__Work to complete__: All entries are to be quoted exactly; the images stay out of the copy.

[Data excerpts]
=-=-=-=-=
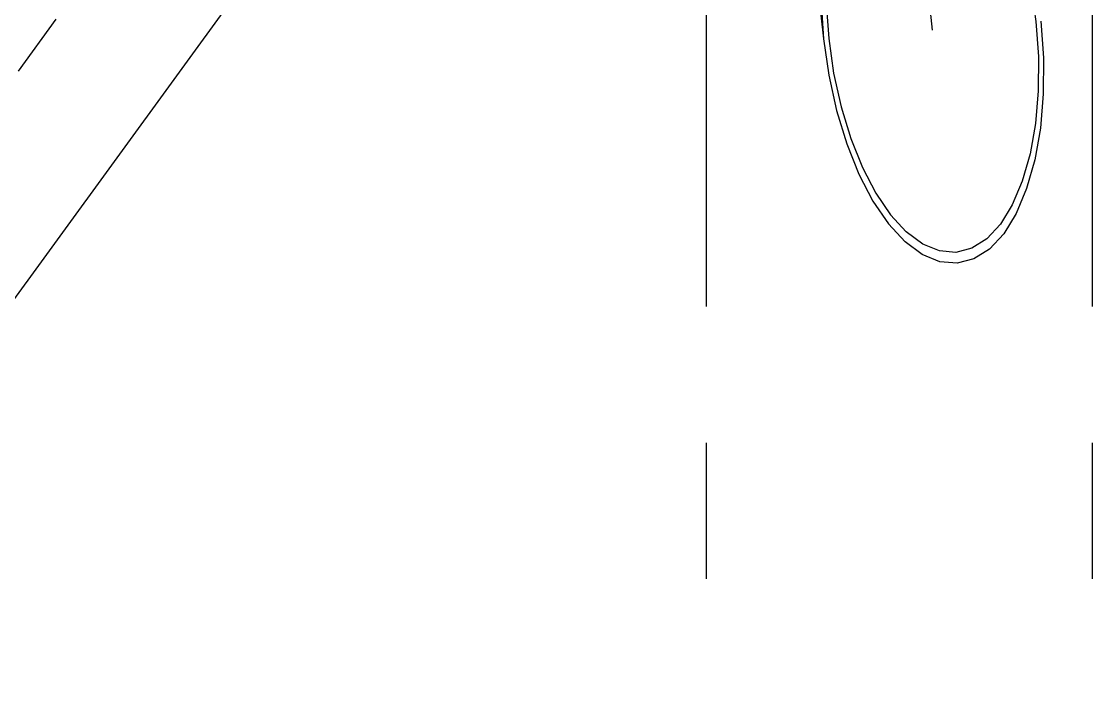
# Model space of a CAD drawing. Header units: millimetres. Extents: x 2368 to 8313, y 7493 to 11698.
# Drawn here: x 6232.66 to 6282.59, y 9077.33 to 9108.51 of the extents above; entities that cross this region are included whole.
import ezdxf

# ---------------------------------------------------------------- set-up
doc = ezdxf.new("R2010")
doc.units = ezdxf.units.MM
for name, pattern in [('CENTER', [50.8, 31.75, -6.35, 6.35, -6.35]), ('XKITLINE00', [0]), ('XKITLINE03', [6, 3, -1, 1, -1])]:
    doc.linetypes.add(name, pattern=pattern)

msp = doc.modelspace()

# ---------------------------------------------------------------- linework, layer by layer
at = {"color": 6, "linetype": 'CENTER'}
for p, q in [((6264.5882, 8739.6288), (6264.5882, 9217.681)), ((6282.5882, 8739.6288), (6282.5882, 9217.681))]:
    msp.add_line(p, q, dxfattribs=at)
at = {"color": 8, "linetype": 'XKITLINE03'}
for p, q in [((6269.5883, 9157.1224), (6153.0885, 8997.1225)), ((6269.5882, 9157.1224), (6275.1186, 9108.1039))]:
    msp.add_line(p, q, dxfattribs=at)
at = {"color": 8, "linetype": 'XKITLINE00'}
for p, q in [((6259.1387, 9132.4079), (6185.4508, 9031.2055)), ((6267.6167, 9129.2889), (6270.0535, 9107.6904)), ((6279.717, 9110.1135), (6279.9483, 9108.4982)), ((6269.9357, 9109.3947), (6270.0535, 9107.6904)), ((6270.1765, 9109.3347), (6270.2888, 9107.7097)), ((6279.9483, 9108.4982), (6280.0607, 9106.8731)), ((6280.1836, 9108.5174), (6280.3015, 9106.8132)), ((6270.0535, 9107.6904), (6270.2961, 9105.9964)), ((6270.2888, 9107.7097), (6270.5201, 9106.0943)), ((6280.0607, 9106.8731), (6280.0514, 9105.2784)), ((6280.3015, 9106.8132), (6280.2917, 9105.1407)), ((6270.2961, 9105.9964), (6270.6574, 9104.3543)), ((6270.5201, 9106.0943), (6270.8647, 9104.5285)), ((6280.0514, 9105.2784), (6279.9206, 9103.7532)), ((6280.2917, 9105.1407), (6280.1546, 9103.5413)), ((6270.8647, 9104.5285), (6271.3139, 9103.0507)), ((6270.6574, 9104.3543), (6271.1286, 9102.8045)), ((6279.9206, 9103.7532), (6279.6716, 9102.3352)), ((6280.1546, 9103.5413), (6279.8934, 9102.0541)), ((6271.3139, 9103.0507), (6271.8569, 9101.6973)), ((6271.1286, 9102.8045), (6271.698, 9101.3851)), ((6279.6716, 9102.3352), (6279.3104, 9101.0592)), ((6279.8934, 9102.0541), (6279.5147, 9100.716)), ((6271.8569, 9101.6973), (6272.4801, 9100.5016)), ((6271.698, 9101.3851), (6272.3516, 9100.1313)), ((6279.3104, 9101.0592), (6278.8461, 9099.9567)), ((6272.4801, 9100.5016), (6273.1684, 9099.4932)), ((6279.5147, 9100.716), (6279.0277, 9099.5597)), ((6272.3516, 9100.1313), (6273.0734, 9099.0737)), ((6278.8461, 9099.9567), (6278.29, 9099.0548)), ((6273.1684, 9099.4932), (6273.9046, 9098.6968)), ((6279.0277, 9099.5597), (6278.4445, 9098.6139)), ((6273.0734, 9099.0737), (6273.8455, 9098.2385)), ((6278.29, 9099.0548), (6277.6557, 9098.3757)), ((6274.6708, 9098.132), (6273.9046, 9098.6968)), ((6278.4445, 9098.6139), (6277.7793, 9097.9017)), ((6274.649, 9097.6462), (6273.8455, 9098.2385)), ((6275.448, 9097.8128), (6274.6708, 9098.132)), ((6276.959, 9097.9361), (6276.217, 9097.7469)), ((6277.6557, 9098.3757), (6276.959, 9097.9361)), ((6275.464, 9097.3114), (6274.649, 9097.6462)), ((6276.217, 9097.7469), (6275.448, 9097.8128)), ((6277.0487, 9097.4408), (6276.2705, 9097.2423)), ((6277.7793, 9097.9017), (6277.0487, 9097.4408)), ((6276.2705, 9097.2423), (6275.464, 9097.3114))]:
    msp.add_line(p, q, dxfattribs=at)

doc.saveas('drawing.dxf')
=-=-=-=-=
__Reply__:
# Model space of a CAD drawing. Header units: millimetres. Extents: x 2368 to 8313, y 7493 to 11698.
# Drawn here: x 6232.66 to 6282.59, y 9077.33 to 9108.51 of the extents above; entities that cross this region are included whole.
import ezdxf

# ---------------------------------------------------------------- set-up
doc = ezdxf.new("R2010")
doc.units = ezdxf.units.MM
for name, pattern in [('CENTER', [50.8, 31.75, -6.35, 6.35, -6.35]), ('XKITLINE00', [0]), ('XKITLINE03', [6, 3, -1, 1, -1])]:
    doc.linetypes.add(name, pattern=pattern)

msp = doc.modelspace()

# ---------------------------------------------------------------- linework, layer by layer
at = {"color": 6, "linetype": 'CENTER'}
for p, q in [((6264.5882, 8739.6288), (6264.5882, 9217.681)), ((6282.5882, 8739.6288), (6282.5882, 9217.681))]:
    msp.add_line(p, q, dxfattribs=at)
at = {"color": 8, "linetype": 'XKITLINE03'}
for p, q in [((6269.5883, 9157.1224), (6153.0885, 8997.1225)), ((6269.5882, 9157.1224), (6275.1186, 9108.1039))]:
    msp.add_line(p, q, dxfattribs=at)
at = {"color": 8, "linetype": 'XKITLINE00'}
for p, q in [((6259.1387, 9132.4079), (6185.4508, 9031.2055)), ((6267.6167, 9129.2889), (6270.0535, 9107.6904)), ((6279.717, 9110.1135), (6279.9483, 9108.4982)), ((6269.9357, 9109.3947), (6270.0535, 9107.6904)), ((6270.1765, 9109.3347), (6270.2888, 9107.7097)), ((6279.9483, 9108.4982), (6280.0607, 9106.8731)), ((6280.1836, 9108.5174), (6280.3015, 9106.8132)), ((6270.0535, 9107.6904), (6270.2961, 9105.9964)), ((6270.2888, 9107.7097), (6270.5201, 9106.0943)), ((6280.0607, 9106.8731), (6280.0514, 9105.2784)), ((6280.3015, 9106.8132), (6280.2917, 9105.1407)), ((6270.2961, 9105.9964), (6270.6574, 9104.3543)), ((6270.5201, 9106.0943), (6270.8647, 9104.5285)), ((6280.0514, 9105.2784), (6279.9206, 9103.7532)), ((6280.2917, 9105.1407), (6280.1546, 9103.5413)), ((6270.8647, 9104.5285), (6271.3139, 9103.0507)), ((6270.6574, 9104.3543), (6271.1286, 9102.8045)), ((6279.9206, 9103.7532), (6279.6716, 9102.3352)), ((6280.1546, 9103.5413), (6279.8934, 9102.0541)), ((6271.3139, 9103.0507), (6271.8569, 9101.6973)), ((6271.1286, 9102.8045), (6271.698, 9101.3851)), ((6279.6716, 9102.3352), (6279.3104, 9101.0592)), ((6279.8934, 9102.0541), (6279.5147, 9100.716)), ((6271.8569, 9101.6973), (6272.4801, 9100.5016)), ((6271.698, 9101.3851), (6272.3516, 9100.1313)), ((6279.3104, 9101.0592), (6278.8461, 9099.9567)), ((6272.4801, 9100.5016), (6273.1684, 9099.4932)), ((6279.5147, 9100.716), (6279.0277, 9099.5597)), ((6272.3516, 9100.1313), (6273.0734, 9099.0737)), ((6278.8461, 9099.9567), (6278.29, 9099.0548)), ((6273.1684, 9099.4932), (6273.9046, 9098.6968)), ((6279.0277, 9099.5597), (6278.4445, 9098.6139)), ((6273.0734, 9099.0737), (6273.8455, 9098.2385)), ((6278.29, 9099.0548), (6277.6557, 9098.3757)), ((6274.6708, 9098.132), (6273.9046, 9098.6968)), ((6278.4445, 9098.6139), (6277.7793, 9097.9017)), ((6274.649, 9097.6462), (6273.8455, 9098.2385)), ((6275.448, 9097.8128), (6274.6708, 9098.132)), ((6276.959, 9097.9361), (6276.217, 9097.7469)), ((6277.6557, 9098.3757), (6276.959, 9097.9361)), ((6275.464, 9097.3114), (6274.649, 9097.6462)), ((6276.217, 9097.7469), (6275.448, 9097.8128)), ((6277.0487, 9097.4408), (6276.2705, 9097.2423)), ((6277.7793, 9097.9017), (6277.0487, 9097.4408)), ((6276.2705, 9097.2423), (6275.464, 9097.3114))]:
    msp.add_line(p, q, dxfattribs=at)

doc.saveas('drawing.dxf')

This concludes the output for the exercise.